Rating: D
Dir: Ed Forsyth
Star: Joyce Jillson, Timothy Wayne-Brown, Tony Young, Thomas Reardon
I’d forgotten how one of the cardinal rules is, never trust a film whose cover has a painting of the lead character in action. Admittedly, this probably covers a huge swathe of barbarian flicks, but even there, they rarely lived up to hopes. Here, the cover promises a blonde version of Cynthia Roth… Hang on, she IS blonde. Oh, well, you get the idea. The reality is something which plays like the retard cousin to Confessions of a Window Cleaner, combining seventies sex with extremely lame stabs at humour, and “martial arts” which are neither martial nor artistic, and whose only impact is to make the viewer beg for a return to the extremely lame stabs at humour.
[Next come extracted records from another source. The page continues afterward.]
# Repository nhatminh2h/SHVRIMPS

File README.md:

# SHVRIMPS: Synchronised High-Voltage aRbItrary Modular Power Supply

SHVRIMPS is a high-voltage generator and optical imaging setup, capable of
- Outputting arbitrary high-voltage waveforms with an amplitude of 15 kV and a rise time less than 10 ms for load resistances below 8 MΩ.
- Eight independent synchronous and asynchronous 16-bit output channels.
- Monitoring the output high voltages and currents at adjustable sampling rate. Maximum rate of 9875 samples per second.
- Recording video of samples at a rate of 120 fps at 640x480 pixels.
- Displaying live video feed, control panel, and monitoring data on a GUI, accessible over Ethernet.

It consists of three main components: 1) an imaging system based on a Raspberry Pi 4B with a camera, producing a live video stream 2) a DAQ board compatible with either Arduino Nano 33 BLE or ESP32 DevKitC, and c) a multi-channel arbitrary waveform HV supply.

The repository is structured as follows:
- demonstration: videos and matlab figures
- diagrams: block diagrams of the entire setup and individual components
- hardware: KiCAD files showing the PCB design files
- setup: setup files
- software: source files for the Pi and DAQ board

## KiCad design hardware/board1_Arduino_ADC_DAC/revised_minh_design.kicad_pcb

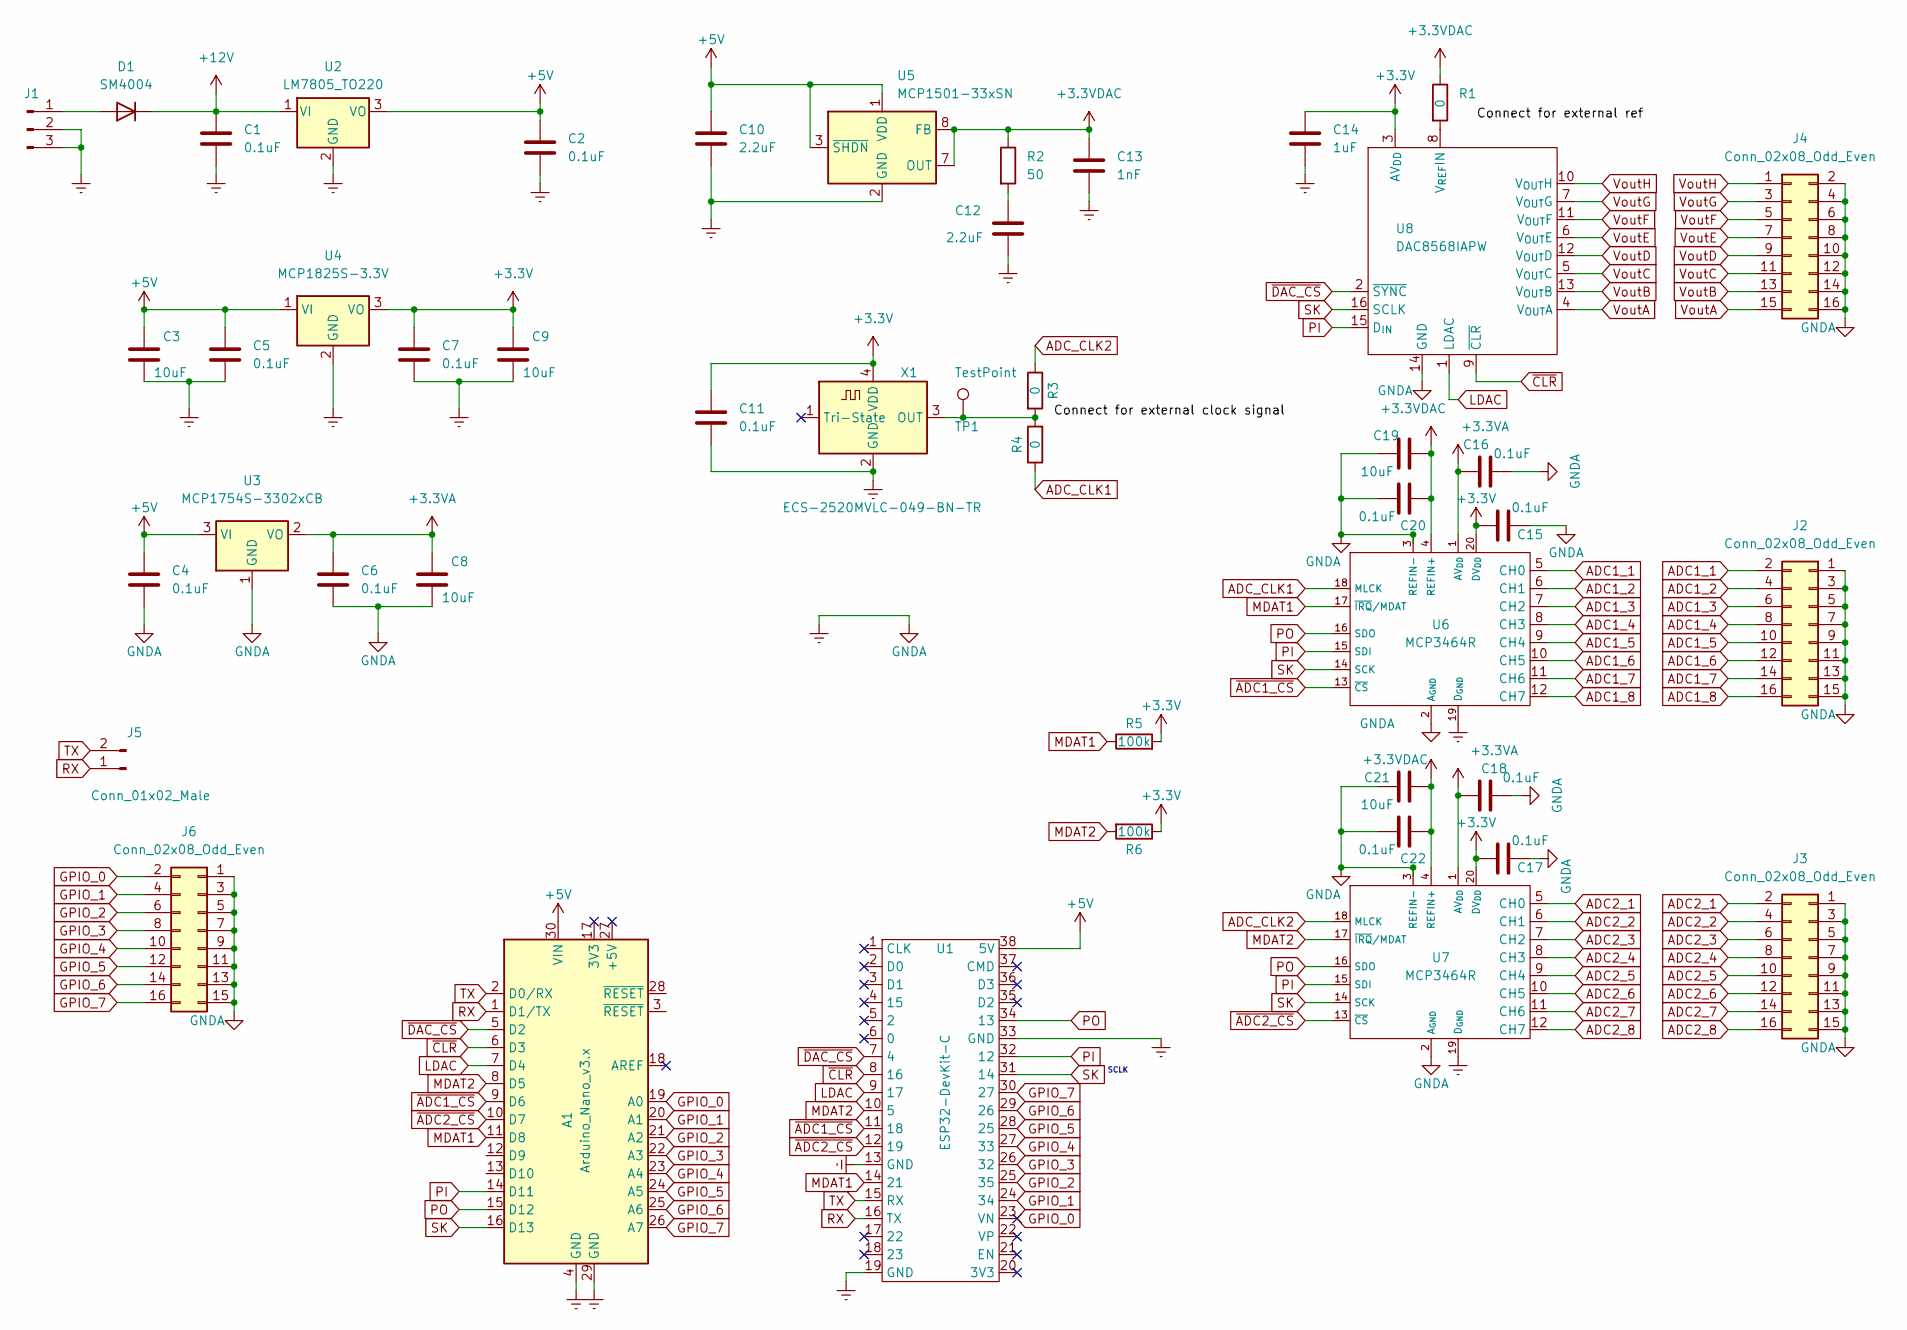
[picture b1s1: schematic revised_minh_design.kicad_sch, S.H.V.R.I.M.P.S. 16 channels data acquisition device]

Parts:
A1: Arduino_Nano_v3.x; Arduino_Nano
C1, C2, C4, C5, C6, C7, C11, C15, C16, C17, C18, C20, C22: 0.1uF; C_0805_2012Metric_Pad1.18x1.45mm_HandSolder
C3, C8, C9, C19, C21: 10uF; C_0805_2012Metric_Pad1.18x1.45mm_HandSolder
C10, C12: 2.2uF; C_0805_2012Metric_Pad1.18x1.45mm_HandSolder
C13: 1nF; C_0805_2012Metric_Pad1.18x1.45mm_HandSolder
C14: 1uF; C_0805_2012Metric_Pad1.18x1.45mm_HandSolder
D1: SM4004; D_MELF
J1: Conn_01x03_Male; PinSocket_1x03_P2.54mm_Vertical
J2, J3, J4, J6: Conn_02x08_Odd_Even; PinSocket_2x08_P2.54mm_Vertical
J5: Conn_01x02_Male; PinSocket_1x02_P2.54mm_Vertical
R1, R3, R4: 0; R_0805_2012Metric_Pad1.20x1.40mm_HandSolder
R2: 50; R_0805_2012Metric_Pad1.20x1.40mm_HandSolder
R5, R6: 100k; R_0805_2012Metric_Pad1.20x1.40mm_HandSolder
TP1: TestPoint; PinHeader_1x01_P2.54mm_Vertical
U1: ESP32-DevKit-C; ESP32-devkitC-v4
U2: LM7805_TO220; TO-220-3_Vertical
U3: MCP1754S-3302xCB; SOT-23
U4: MCP1825S-3.3V; SOT-223-3_TabPin2
U5: MCP1501-33xSN; SOIC-8_3.9x4.9mm_P1.27mm
U6, U7: MCP3464R; TSSOP-20_4.4x6.5mm_P0.65mm
U8: DAC8568IAPW; TSSOP-16-1EP_4.4x5mm_P0.65mm
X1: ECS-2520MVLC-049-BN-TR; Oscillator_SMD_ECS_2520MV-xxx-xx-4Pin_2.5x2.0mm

The focus is Tara B. True (Jillson, who’d go on to become, of all things, Nancy Reagan’s astrologer), a trolly-dolly in the skies, who has to dress down at work to avoid sexual harassment, but has a man in every (air)port, plus any other number of casual hook-ups. One of her men is in hock to gangsters, and eventually gets Tara to take a package of “seashells” on her plane – it’s actually guns, which the bad guys will use to hijack it and steal a shipment of cash that’s also aboard. Of course, Tara uses her “martial arts” “skills” [all quotes used advisedly] to take out the bad guys in a finale which is no improvement on the preceding 80 minutes. I suppose it does deserve some small credit for being ahead of its time, with a heroine who sleeps around in a manner which would make even James Bond (and early Bond, not the angst-riddled modern version) blush.
There’s also the presence of the legendary John Carradine, slumming it as a masochist who picks up Tara through the classified ads, and a couple of Russ Meyer’s favorites playing minor roles, in Uschi Digard and Candy Samples. Indeed, you sense a Meyer-esque quality is what the makers are aiming for, but there is nowhere near the same sense of surreal excess, and nor is Jillson anything like a good enough actress to hold interest. You can see why she became an astrologer, and she didn’t even have the guts to do her own nude scenes, the end credits explicitly pointing out that a body double was used, an admission which must be close to unique in exploitation cinema. On just about all levels, this is far about the sizzle than the steak, and even by Crown International’s variable standards, is a disappointment.